# 3-4 Memberships Now Available



## DVSARGE6 (Sep 11, 2007)

BUCKSTOPHUNTINGCLUB.COM, DUE TO EXPANSION. CHECK OUT OUR WEBSITE AT buckstophuntingclub.com  . club is in ludowici, ga (Long and Liberty County). All the club information you need is on the website. Alcoholics and illegal drug users need not inquire. Family oriented. If you check out the site and are interested please call 912-617-0796, if no answer please leave a detailed message and your call will be returned ASAP. Membership last to May 1, 2008. DEER/TURKEY/HOG AND QUAIL.

HAPPY HUNTING, HAVE A GREAT DAY


----------



## white74horse (Sep 11, 2007)

*ttt*

ttt


----------



## white74horse (Sep 24, 2007)

ttt


----------



## savetheweb (Oct 5, 2007)

*Club*

You still have opening at all this season??? 

thanks


----------



## white74horse (Oct 9, 2007)

*Yep*

http:///www.buckstphuntingclub.biz


----------



## savetheweb (Oct 9, 2007)

*club*

Are the stands open to all members or private stands only?

Mean first to pin gets stands?


----------



## white74horse (Oct 10, 2007)

Each member allowed to put in 2 private stands that are  that members, there are also club stands available first come first serve. Pin in system is so that everyone knows where everyone else is, for safety and to preserve the members hunt experience. we also added some more acreage in the area that is not on the website yet . Very nice clean campground with water and power, cleaning station with water.You will not get access to this much acreage for the price. It doesnt get hunted hard at all.Well maintained road system.All property is locked and gated.Send David an email from the link on the website and he will answer any questions, I think he is showing the property this weekend so get with him. It will take a few hours to see it all.


----------



## Robk (Oct 17, 2007)

sent an email through the website with no response.  Does anyone check the mail?  

Live in Jesup.  

Rob


----------



## flogator (Oct 19, 2007)

*Reply to email*

The president will be out of town until Fri. He will probably respond then.


----------



## Robk (Oct 21, 2007)

like to hear something.  In my line of work I could probably help out with equipment needs and seed/ fertilizers for the club plots.

Not looking to shoot any bucks this year(outta bucks tags already),  wouldn't mind help out with the hog and doe controls.

Rob


----------



## white74horse (Oct 22, 2007)

PM sent


----------



## white74horse (Oct 29, 2007)

ttt


----------



## bigworm1922 (Oct 29, 2007)

I left a message and never got a call back. I used the number on the website.


----------



## whchunter (Oct 30, 2007)

*WEB SITE?*

Is this the same club?  I couldn't find it at the other web site posted by white74horse.

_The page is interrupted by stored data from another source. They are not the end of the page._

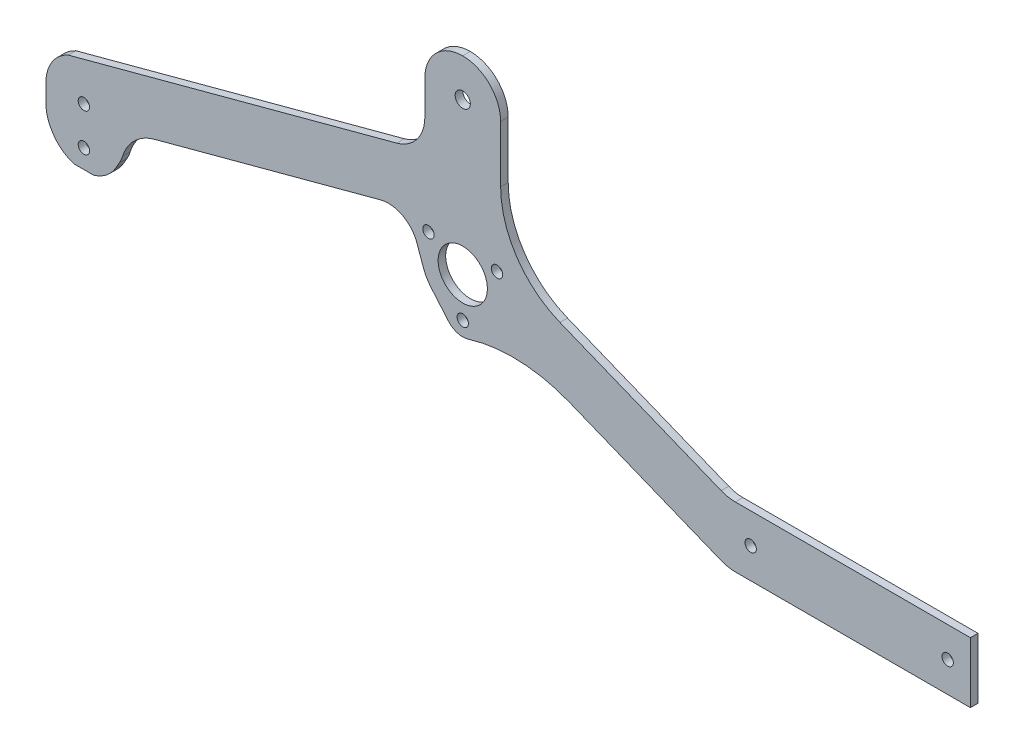
SolidWorks part; units mm, degrees
ref_plane "Спереди" through (0, 0, 0) normal (0, 0, 1) x (1, 0, 0)
ref_plane "Сверху" through (0, 0, 0) normal (0, 1, 0) x (1, 0, 0)
ref_plane "Справа" through (0, 0, 0) normal (1, 0, 0) x (0, 0, -1)
sketch "эскиз" plane through (0, 0, 0) normal (0, 0, 1) x (1, 0, 0)
  line L0 (110, -110) -> (110, -24) construction
  line L1 (-30, -110) -> (-30, -24) construction
  line L2 (-170, -24) -> (-136, -24) construction
  line L3 (-170, -110) -> (-30, -110) construction
  line L4 (-170, -24) -> (-188, -24) construction
  line L5 (-30, -110) -> (110, -110) construction
  line L6 (-170, -110) -> (-170, -24) construction
  line L7 (76, -24) -> (110, -24) construction
  line L8 (128, -24) -> (110, -24) construction
  line L9 (-42.5, -24) -> (-17.5, -24) construction
  line L10 (-170, -24) -> (-100, -24) construction
  line L11 (-100, -24) -> (-30, -24) construction
  line L12 (-100, -24) -> (0, 0) construction
  line L13 (0, 0) -> (110, -24) construction
  line L14 (-100, -24) -> (-100, -11) construction
  circle A0 centre (-170, -110) radius 57.5 construction
  circle A1 centre (-30, -110) radius 57.5 construction
  circle A2 centre (110, -110) radius 57.5 construction
  circle A3 centre (-188, -24) radius 1.5 construction
  circle A4 centre (-136, -24) radius 1.5 construction
  circle A5 centre (76, -24) radius 1.5 construction
  circle A6 centre (128, -24) radius 1.5 construction
  circle A7 centre (-42.5, -24) radius 1.5 construction
  circle A8 centre (-17.5, -24) radius 1.5 construction
  circle A9 centre (-100, -11) radius 1.5
  circle A10 centre (-100, -21) radius 1.5
  circle A11 centre (-100, -36) radius 2
  circle A12 centre (0, 40) radius 2
  point P31 (-153, -24)
  dimension "D1" = 115
  dimension "D4" = 3
  dimension "D7" = 25
  dimension "D12" = 3
  dimension "D11" = 4
  dimension "D17" = 4
  dimension "D2" = 140
  dimension "D3" = 86
  dimension "D5" = 18
  dimension "D6" = 34
  dimension "D8" = 70
  dimension "D9" = 280
  dimension "D10" = 30
  dimension "D13" = 10
  dimension "D14" = 12
  dimension "D15" = 110
  dimension "D16" = 15
  dimension "D18" = 40
sketch "эскиз 1" plane through (0, 0, 0) normal (0, 0, 1) x (1, 0, 0)
  line L0 (-194, -16) -> (-194, -32)
  line L1 (-194, -32) -> (-124, -32)
  line L2 (-124, -32) -> (-124, -47)
  line L3 (-194, -16) -> (-120, -16)
  line L5 (-11, -32) -> (-11, -16)
  line L6 (-124, -47) -> (-76, -47)
  line L9 (-109, -27) -> (-91, -27)
  line L10 (-76, -32) -> (-76, -47)
  line L11 (-30, -16) -> (-30, -42) construction
  line L12 (-76, -32) -> (-11, -32)
  line L13 (-11, -32) -> (-76, -32)
  line L15 (-80, -16) -> (-11, -16)
  line L16 (-100, -24) -> (-100, -11) construction
  line L17 (-30, -110) -> (-30, -24) construction
  line L18 (-170, -16) -> (-170, -32) construction
  line L19 (-170, -110) -> (-170, -24) construction
  line L20 (-170, -24) -> (-188, -24) construction
  line L21 (-100, -27) -> (-100, -47) construction
  line L22 (-109, -27) -> (-120, -16)
  line L23 (-91, -27) -> (-80, -16)
  circle A0 centre (-188, -24) radius 1.5
  circle A1 centre (-136, -24) radius 1.5
  circle A2 centre (-100, -36) radius 2
  circle A3 centre (-42.5, -24) radius 1.5
  circle A4 centre (-17.5, -24) radius 1.5
  circle A5 centre (-17.5, -24) radius 1.5 construction
  circle A6 centre (-42.5, -24) radius 1.5 construction
  circle A7 centre (-100, -36) radius 2 construction
  circle A8 centre (-136, -24) radius 1.5 construction
  circle A9 centre (-188, -24) radius 1.5 construction
  point P11 (-100, -27)
  point P25 (-100, -47)
  dimension "D1" = 24
  dimension "D2" = 19
  dimension "D3" = 16
  dimension "D4" = 11
  dimension "D5" = 45
  dimension "D7" = 70
  dimension "D8" = 8
  dimension "D9" = 3
extrude "тело маленькой арки" [suppressed] add sketch "эскиз 1" along normal blind 2
chamfer "Фаска1" [suppressed] distance 11 angle 45
sketch "Эскиз1" plane through (0, 0, 0) normal (0, 0, 1) x (1, 0, 0)
  line L0 (10, 8.208) -> (70, -16)
  line L1 (70, -16) -> (134, -16)
  line L2 (134, -16) -> (134, -32)
  line L3 (134, -32) -> (70, -32)
  line L4 (70, -32) -> (8.372, -7.1351)
  line L5 (-100, -24) -> (-30, -24) construction
  line L6 (-12.7222, 2.951) -> (-14.5644, 8.1359)
  line L7 (10, 8.208) -> (10, 50)
  line L8 (-104.0983, -1.8784) -> (-10, 23.3352)
  line L9 (76, -24) -> (110, -24) construction
  line L10 (-12.7222, 2.951) -> (-10.3652, -3.6828)
  line L11 (-90, -12.077) -> (-14.5644, 8.1359)
  line L12 (-8.9167, 9.5422) -> (-1.9932, 10.8179) construction
  line L13 (110, -110) -> (110, -24) construction
  line L14 (3.8054, -12.4932) -> (8.372, -7.1351)
  line L15 (-3.8054, -12.4932) -> (-8.372, -7.1351)
  line L16 (-110, -26) -> (-90, -26)
  line L18 (-100, -11) -> (-100, -26) construction
  line L19 (-100, -24) -> (-100, -11) construction
  line L20 (8.9167, 9.5422) -> (1.9932, 10.8179) construction
  line L21 (-90, -26) -> (-90, -12.077)
  line L22 (10, 50) -> (-10, 50)
  line L24 (-10, 50) -> (-10, 23.3352)
  line L27 (12.7222, 2.951) -> (10.3652, -3.6828) construction
  line L31 (-110, -11) -> (-110, -26)
  circle A0 centre (-100, -21) radius 1.5
  circle A1 centre (-100, -11) radius 1.5
  circle A2 centre (-100, -11) radius 1.5 construction
  circle A3 centre (-100, -21) radius 1.5 construction
  circle A4 centre (0, 0) radius 6.5
  circle A5 centre (0, 0) radius 11 construction
  arc A6 (-8.9167, 9.5422) -> (-12.7222, 2.951) centre (-8.0107, 4.625) ccw construction
  arc A7 (1.9932, 10.8179) -> (-1.9932, 10.8179) centre (0, 0) ccw construction
  arc A8 (-3.8054, -12.4932) -> (3.8054, -12.4932) centre (0, -9.25) ccw
  arc A9 (12.7222, 2.951) -> (8.9167, 9.5422) centre (8.0107, 4.625) ccw construction
  arc A10 (8.372, -7.1351) -> (10.3652, -3.6828) centre (0, 0) ccw construction
  arc A11 (-10.3652, -3.6828) -> (-8.372, -7.1351) centre (0, 0) ccw
  circle A12 centre (0, 0) radius 9.25 construction
  circle A13 centre (0, -10.45) radius 1.5
  circle A14 centre (-9.05, 5.225) radius 1.5
  circle A15 centre (9.05, 5.225) radius 1.5
  circle A16 centre (0, 0) radius 7.65 construction
  circle A17 centre (128, -24) radius 1.5
  circle A18 centre (76, -24) radius 1.5
  circle A19 centre (76, -24) radius 1.5 construction
  circle A20 centre (128, -24) radius 1.5 construction
  circle A21 centre (0, 40) radius 2
  circle A22 centre (0, 40) radius 2 construction
  arc A24 (-104.0983, -1.8784) -> (-110, -11) centre (-100, -11) ccw
  point P27 (134, -24)
  point P33 (0, 50)
  point P62 (0, 0)
  point P68 (0, 0)
  dimension "D2" = 13
  dimension "D3" = 3
  dimension "D5" = 5
  dimension "D6" = 18.5
  dimension "D7" = 22
  dimension "D14" = 3
  dimension "D17" = 15.3
  dimension "D20" = 20
  dimension "D13" = 13.5
  dimension "D4" = 15
  dimension "D1" = 16
  dimension "D8" = 10
  dimension "D9" = 6
  dimension "D10" = 24
  dimension "D12" = 74
  dimension "D15" = 3
  dimension "D19" = 10.45
  dimension "D21" = 5
extrude "тело большой арки" add sketch "Эскиз1" along normal blind 2
sketch "Эскиз2" plane through (0, 0, 2) normal (0, 0, 1) x (1, 0, 0)
  line L0 (-110, -18.6795) -> (-106.364, -24.9773)
  line L3 (-106.364, -24.9773) -> (-102.5472, -26)
  line L6 (-100, -36) -> (-100, -7.7157) construction
  line L12 (-110, -18.6795) -> (-110, -26)
  line L13 (-110, -11) -> (-110, -26) construction
  line L14 (-110, -26) -> (-90, -26) construction
  line L15 (-110, -26) -> (-102.5472, -26)
  line L19 (-90, -26) -> (-97.4528, -26)
  line L20 (-90, -18.6795) -> (-90, -26)
  line L21 (-93.636, -24.9773) -> (-97.4528, -26)
  line L22 (-90, -18.6795) -> (-93.636, -24.9773)
  line L23 (-100, -24) -> (-30, -24) construction
  circle A2 centre (-100, -36) radius 28.2843 construction
  circle A3 centre (-100, -36) radius 12.7279 construction
  dimension "D1" = 60
  dimension "D2" = 135
extrude "Упоры" cut sketch "Эскиз2" against normal up to next
fillet "Скругление5" radius 10 2 edges at (-106.364, -24.9773, 1) (-93.636, -24.9773, 1)
fillet "Скругление1" [suppressed] radius 10
fillet "Скругление2" [suppressed] radius 10
fillet "Скругление3" [suppressed] radius 15
fillet "Скругление4" [suppressed] radius 15
fillet "Скругление6" radius 12 1 edges at (-90, -12.077, 1)
fillet "Скругление7" radius 8 1 edges at (-14.5644, 8.1359, 1)
fillet "Скругление8" radius 40 1 edges at (8.372, -7.1351, 1)
fillet "Скругление9" radius 10 3 edges at (-10, 23.3352, 1) (10, 50, 1) (-10, 50, 1)
fillet "Скругление10" radius 25 1 edges at (10, 8.208, 1)
fillet "Скругление11" radius 10 4 edges at (-90, -18.6795, 1) (-110, -18.6795, 1) (70, -32, 1) (70, -16, 1)

http://www.tiptopwebsite.com/websites/index2.php?username=dvsarge6


----------



## white74horse (Oct 30, 2007)

websitehttp://www.buckstphuntingclub.biz/


----------



## white74horse (Oct 30, 2007)

I'm sorry if your call wasn't returned, the number is a good one it's the presidents cell phone. Try calling him again.


----------



## whchunter (Oct 30, 2007)

*CLUB*

Different web pages but looks like the same club?????????

At one location "stop" is spelled out and the other just shows "stp"


----------



## white74horse (Oct 30, 2007)

same club


----------



## 11P&YBOWHUNTER (Oct 31, 2007)

How many members total??


----------



## white74horse (Nov 1, 2007)

48-50, but I've never seen more than 12-14 at once


----------